Оценивая этот суд, невольно задаешься вопросом: как могли судьи приговорить к расстрелу трех восемнадцатилетних юнцов, ничего не совершивших, а только говоривших об антисталинских действиях? Даже Москва напишет позже, что мера наказания харьковского суда очень сурова.
В камере смертников в ожидании ответа на кассационную жалобу они просидели еще два месяца. Тер-Погосян пишет в своей книге: «В камере смертников Надежда не покидала меня. Я надеялся, потому что знал: за меня страстно молится моя бабушка. Втайне, под одеялом, молился и я. Любовь к близким тоже была со мной… В камере было три книги, которые не менялись: «Казаки» Толстого, биография Ломоносова и книга о планеристах и летчиках России и мира. Я столько раз их перечитал, что помнил их и через 50 лет чуть ли не наизусть, а подъемную силу крыла планера могу рассчитать и сейчас».

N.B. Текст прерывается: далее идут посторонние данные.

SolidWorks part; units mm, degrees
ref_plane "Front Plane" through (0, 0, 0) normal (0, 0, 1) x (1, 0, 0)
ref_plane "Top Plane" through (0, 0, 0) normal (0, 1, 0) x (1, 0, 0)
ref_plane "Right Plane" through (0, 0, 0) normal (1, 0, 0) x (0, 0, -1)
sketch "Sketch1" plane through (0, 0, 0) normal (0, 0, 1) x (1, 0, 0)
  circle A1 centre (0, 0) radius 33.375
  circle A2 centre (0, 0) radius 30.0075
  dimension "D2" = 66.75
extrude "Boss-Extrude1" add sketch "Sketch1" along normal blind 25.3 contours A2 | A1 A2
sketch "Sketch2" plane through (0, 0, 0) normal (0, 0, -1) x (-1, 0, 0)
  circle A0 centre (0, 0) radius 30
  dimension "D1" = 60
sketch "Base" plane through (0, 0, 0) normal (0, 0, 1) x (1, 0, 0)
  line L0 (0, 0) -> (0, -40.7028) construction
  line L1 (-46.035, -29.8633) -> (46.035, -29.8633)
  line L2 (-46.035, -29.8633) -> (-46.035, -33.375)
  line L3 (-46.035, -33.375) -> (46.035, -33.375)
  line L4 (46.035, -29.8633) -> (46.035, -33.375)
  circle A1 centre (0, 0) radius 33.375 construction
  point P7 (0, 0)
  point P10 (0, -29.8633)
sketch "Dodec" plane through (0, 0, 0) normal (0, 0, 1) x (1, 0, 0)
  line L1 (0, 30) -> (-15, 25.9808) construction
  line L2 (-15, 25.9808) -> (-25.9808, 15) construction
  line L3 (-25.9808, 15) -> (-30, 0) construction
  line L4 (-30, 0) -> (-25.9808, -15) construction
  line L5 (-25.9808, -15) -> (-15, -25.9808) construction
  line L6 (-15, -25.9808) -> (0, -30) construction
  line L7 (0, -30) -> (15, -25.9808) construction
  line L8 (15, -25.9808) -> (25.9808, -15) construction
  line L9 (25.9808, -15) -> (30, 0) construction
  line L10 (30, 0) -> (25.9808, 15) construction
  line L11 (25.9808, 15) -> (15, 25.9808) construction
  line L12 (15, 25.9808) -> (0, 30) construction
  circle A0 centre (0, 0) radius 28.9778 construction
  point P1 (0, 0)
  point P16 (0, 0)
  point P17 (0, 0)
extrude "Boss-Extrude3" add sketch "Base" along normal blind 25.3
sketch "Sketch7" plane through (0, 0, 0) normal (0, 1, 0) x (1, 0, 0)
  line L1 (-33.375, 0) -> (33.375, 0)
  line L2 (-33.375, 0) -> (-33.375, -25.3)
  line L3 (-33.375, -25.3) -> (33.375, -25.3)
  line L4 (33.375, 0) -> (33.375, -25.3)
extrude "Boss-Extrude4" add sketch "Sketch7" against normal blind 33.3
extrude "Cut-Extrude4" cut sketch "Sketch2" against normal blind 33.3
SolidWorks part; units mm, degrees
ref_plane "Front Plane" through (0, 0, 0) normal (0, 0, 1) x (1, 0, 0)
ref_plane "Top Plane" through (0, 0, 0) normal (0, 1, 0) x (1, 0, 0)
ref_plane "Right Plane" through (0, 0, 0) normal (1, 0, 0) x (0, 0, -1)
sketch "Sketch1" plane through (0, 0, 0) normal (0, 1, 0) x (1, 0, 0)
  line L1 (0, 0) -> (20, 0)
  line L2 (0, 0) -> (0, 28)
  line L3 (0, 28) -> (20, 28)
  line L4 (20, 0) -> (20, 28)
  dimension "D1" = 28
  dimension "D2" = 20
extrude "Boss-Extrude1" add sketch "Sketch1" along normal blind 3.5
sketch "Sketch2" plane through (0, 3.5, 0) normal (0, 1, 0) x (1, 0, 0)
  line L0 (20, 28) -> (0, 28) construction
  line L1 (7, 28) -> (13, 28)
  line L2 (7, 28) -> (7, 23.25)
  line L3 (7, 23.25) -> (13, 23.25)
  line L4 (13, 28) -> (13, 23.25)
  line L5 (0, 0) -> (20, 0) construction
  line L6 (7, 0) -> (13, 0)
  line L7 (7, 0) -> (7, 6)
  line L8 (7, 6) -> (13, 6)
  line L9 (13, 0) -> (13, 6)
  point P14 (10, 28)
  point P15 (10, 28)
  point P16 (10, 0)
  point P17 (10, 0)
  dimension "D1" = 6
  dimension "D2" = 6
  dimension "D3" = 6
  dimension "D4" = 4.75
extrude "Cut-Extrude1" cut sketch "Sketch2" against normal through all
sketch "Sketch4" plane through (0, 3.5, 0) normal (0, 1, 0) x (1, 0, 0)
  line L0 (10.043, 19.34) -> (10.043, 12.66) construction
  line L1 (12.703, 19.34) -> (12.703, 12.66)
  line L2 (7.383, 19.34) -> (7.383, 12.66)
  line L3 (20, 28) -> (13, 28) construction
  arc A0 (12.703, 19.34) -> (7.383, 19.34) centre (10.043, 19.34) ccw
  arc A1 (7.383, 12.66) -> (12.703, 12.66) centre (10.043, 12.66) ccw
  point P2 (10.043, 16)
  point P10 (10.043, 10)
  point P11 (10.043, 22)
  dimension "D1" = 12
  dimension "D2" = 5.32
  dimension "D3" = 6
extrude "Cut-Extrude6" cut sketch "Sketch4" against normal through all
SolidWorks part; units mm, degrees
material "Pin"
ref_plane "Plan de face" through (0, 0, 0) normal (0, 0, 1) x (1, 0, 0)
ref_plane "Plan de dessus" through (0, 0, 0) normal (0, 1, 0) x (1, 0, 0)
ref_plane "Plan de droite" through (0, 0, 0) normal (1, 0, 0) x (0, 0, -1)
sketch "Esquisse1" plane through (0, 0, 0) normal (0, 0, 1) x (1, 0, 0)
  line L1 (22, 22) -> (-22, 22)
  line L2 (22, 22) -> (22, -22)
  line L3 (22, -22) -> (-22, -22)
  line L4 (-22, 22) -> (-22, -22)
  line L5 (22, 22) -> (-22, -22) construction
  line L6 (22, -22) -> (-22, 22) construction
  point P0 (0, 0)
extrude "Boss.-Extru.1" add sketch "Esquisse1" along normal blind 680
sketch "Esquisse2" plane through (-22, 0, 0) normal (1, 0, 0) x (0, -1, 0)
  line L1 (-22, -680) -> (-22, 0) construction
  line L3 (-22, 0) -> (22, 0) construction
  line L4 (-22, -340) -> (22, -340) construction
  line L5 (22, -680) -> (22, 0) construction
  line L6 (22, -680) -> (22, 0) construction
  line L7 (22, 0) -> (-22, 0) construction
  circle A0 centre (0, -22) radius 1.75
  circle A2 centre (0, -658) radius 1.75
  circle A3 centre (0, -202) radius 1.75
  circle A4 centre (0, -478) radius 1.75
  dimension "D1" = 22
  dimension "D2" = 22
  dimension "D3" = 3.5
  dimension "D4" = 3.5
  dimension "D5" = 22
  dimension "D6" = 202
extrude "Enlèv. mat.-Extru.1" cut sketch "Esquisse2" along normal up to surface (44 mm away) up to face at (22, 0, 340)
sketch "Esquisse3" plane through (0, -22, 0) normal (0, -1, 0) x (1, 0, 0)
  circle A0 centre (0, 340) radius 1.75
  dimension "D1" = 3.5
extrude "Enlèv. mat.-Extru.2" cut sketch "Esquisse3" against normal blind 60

Через 56 суток со дня суда троим приговоренным к расстрелу сообщили: «Вам подарили жизнь. Расстрел заменили десятью годами лишения свободы».
Потом эшелон на Ивдельлаг на Урале, болезни, бараки, голод, лесоповал, дистрофия, близость смерти, тяжелый труд – уже столько раз описанный и каждый раз особенный «крутой маршрут».
С кем только за эти годы судьба не сталкивала автора книги! С близкими
Ивдельлаг отпустил Тер-Погосяна в 1950 году, но еще не на свободу, а на поселение в деревню Чумаково Новосибирской области. А вслед за этим пришел Указ Президиума Верховного Совета СССР 1951 года, который гласил, что тем, кто отбыл срок, ссылка дается «навечно». Даже не пожизненно! После долгих хлопот ему все-таки разрешили переехать в Кокчегав ( Казахстан) по месту ссылки матери. Только в 1956 году, уже во времена хрущевской оттепели, «ортодоксальный ленинец» был освобожден от «дальнейшего нахождения в ссылке».
В этом же году, спустя 16 лет со дня ареста, он приезжает в Харьков, ходит по знакомым улицам, встречается с одноклассниками, в том числе с проходившем по делу Владимиром Марченко. Даже восстанавливается на 1-й курс исторического факультета университета! Но связь времен не восстановить – Харьков уже другой, а в Казахстане семья, работа, люди, которые спасали его от смерти, помогали в трудные годы. И Эдмунд Тер-Погосян остается жить в Казахстане.
Как долго тянулась эта трагическая история! Автор книги уже работал в Алма-Ате инспектором гороно, уже преподавал в университете, уже началась перестройка, когда пришла долгожданная реабилитация. Летом 1990 года, пол века спустя после ареста. К этому времени «ортодоксальному ленинцу» было 68 лет!
Я встретилась с единственным живущим в Харькове человеком, имя которого тоже упоминалось в деле «Партии ортодоксальных ленинцев». Это Владимир Марченко, математик с мировым именем, член Украинской и Российской академий наук, лауреат Ленинской премии, который и дал мне прочесть эту удивительную, редкую книгу «Свобода опоздала на целую жизнь» с теплой дарственной надписью автора. (Кстати, вышла она в городе Алматы тиражом всего 2000 экземпляров, в библиотеках Украины ее нет, зато она есть в библиотеке Конгресса США.)
– Я учился с Юрой Петровым и Митауэром в одной школе, а с Эдиком Микинеловым даже сидел за одной партой, – вспоминает Владимир Александрович. – Они были моими товарищами, очень хорошими ребятами. А вот Юра, на мой взгляд, был чрезвычайно одаренным, талантливым математиком. Но школу мы оканчивали не вместе. Я «перескочил» через год и уехат учиться в Ленинградский университет. Во время описанных событий меня в Харькове не было. Наша дружба была связана с увлечением физикой и математикой, участием в олимпиадах. Так что когда меня вызывали на допрос в соответствующие органы, я только и мог сказать, что ничего не знаю об их организации. А вызывали меня потому, что на допросах ребята упомянули меня в числе тех, кого они еще собирались привлечь в свою организацию. Но меня тогда почему-то не тронули. Следователь, который занимался реабилитацией ребят, сказал, что мне просто повезло, скорее всего потому, что вскоре началась война.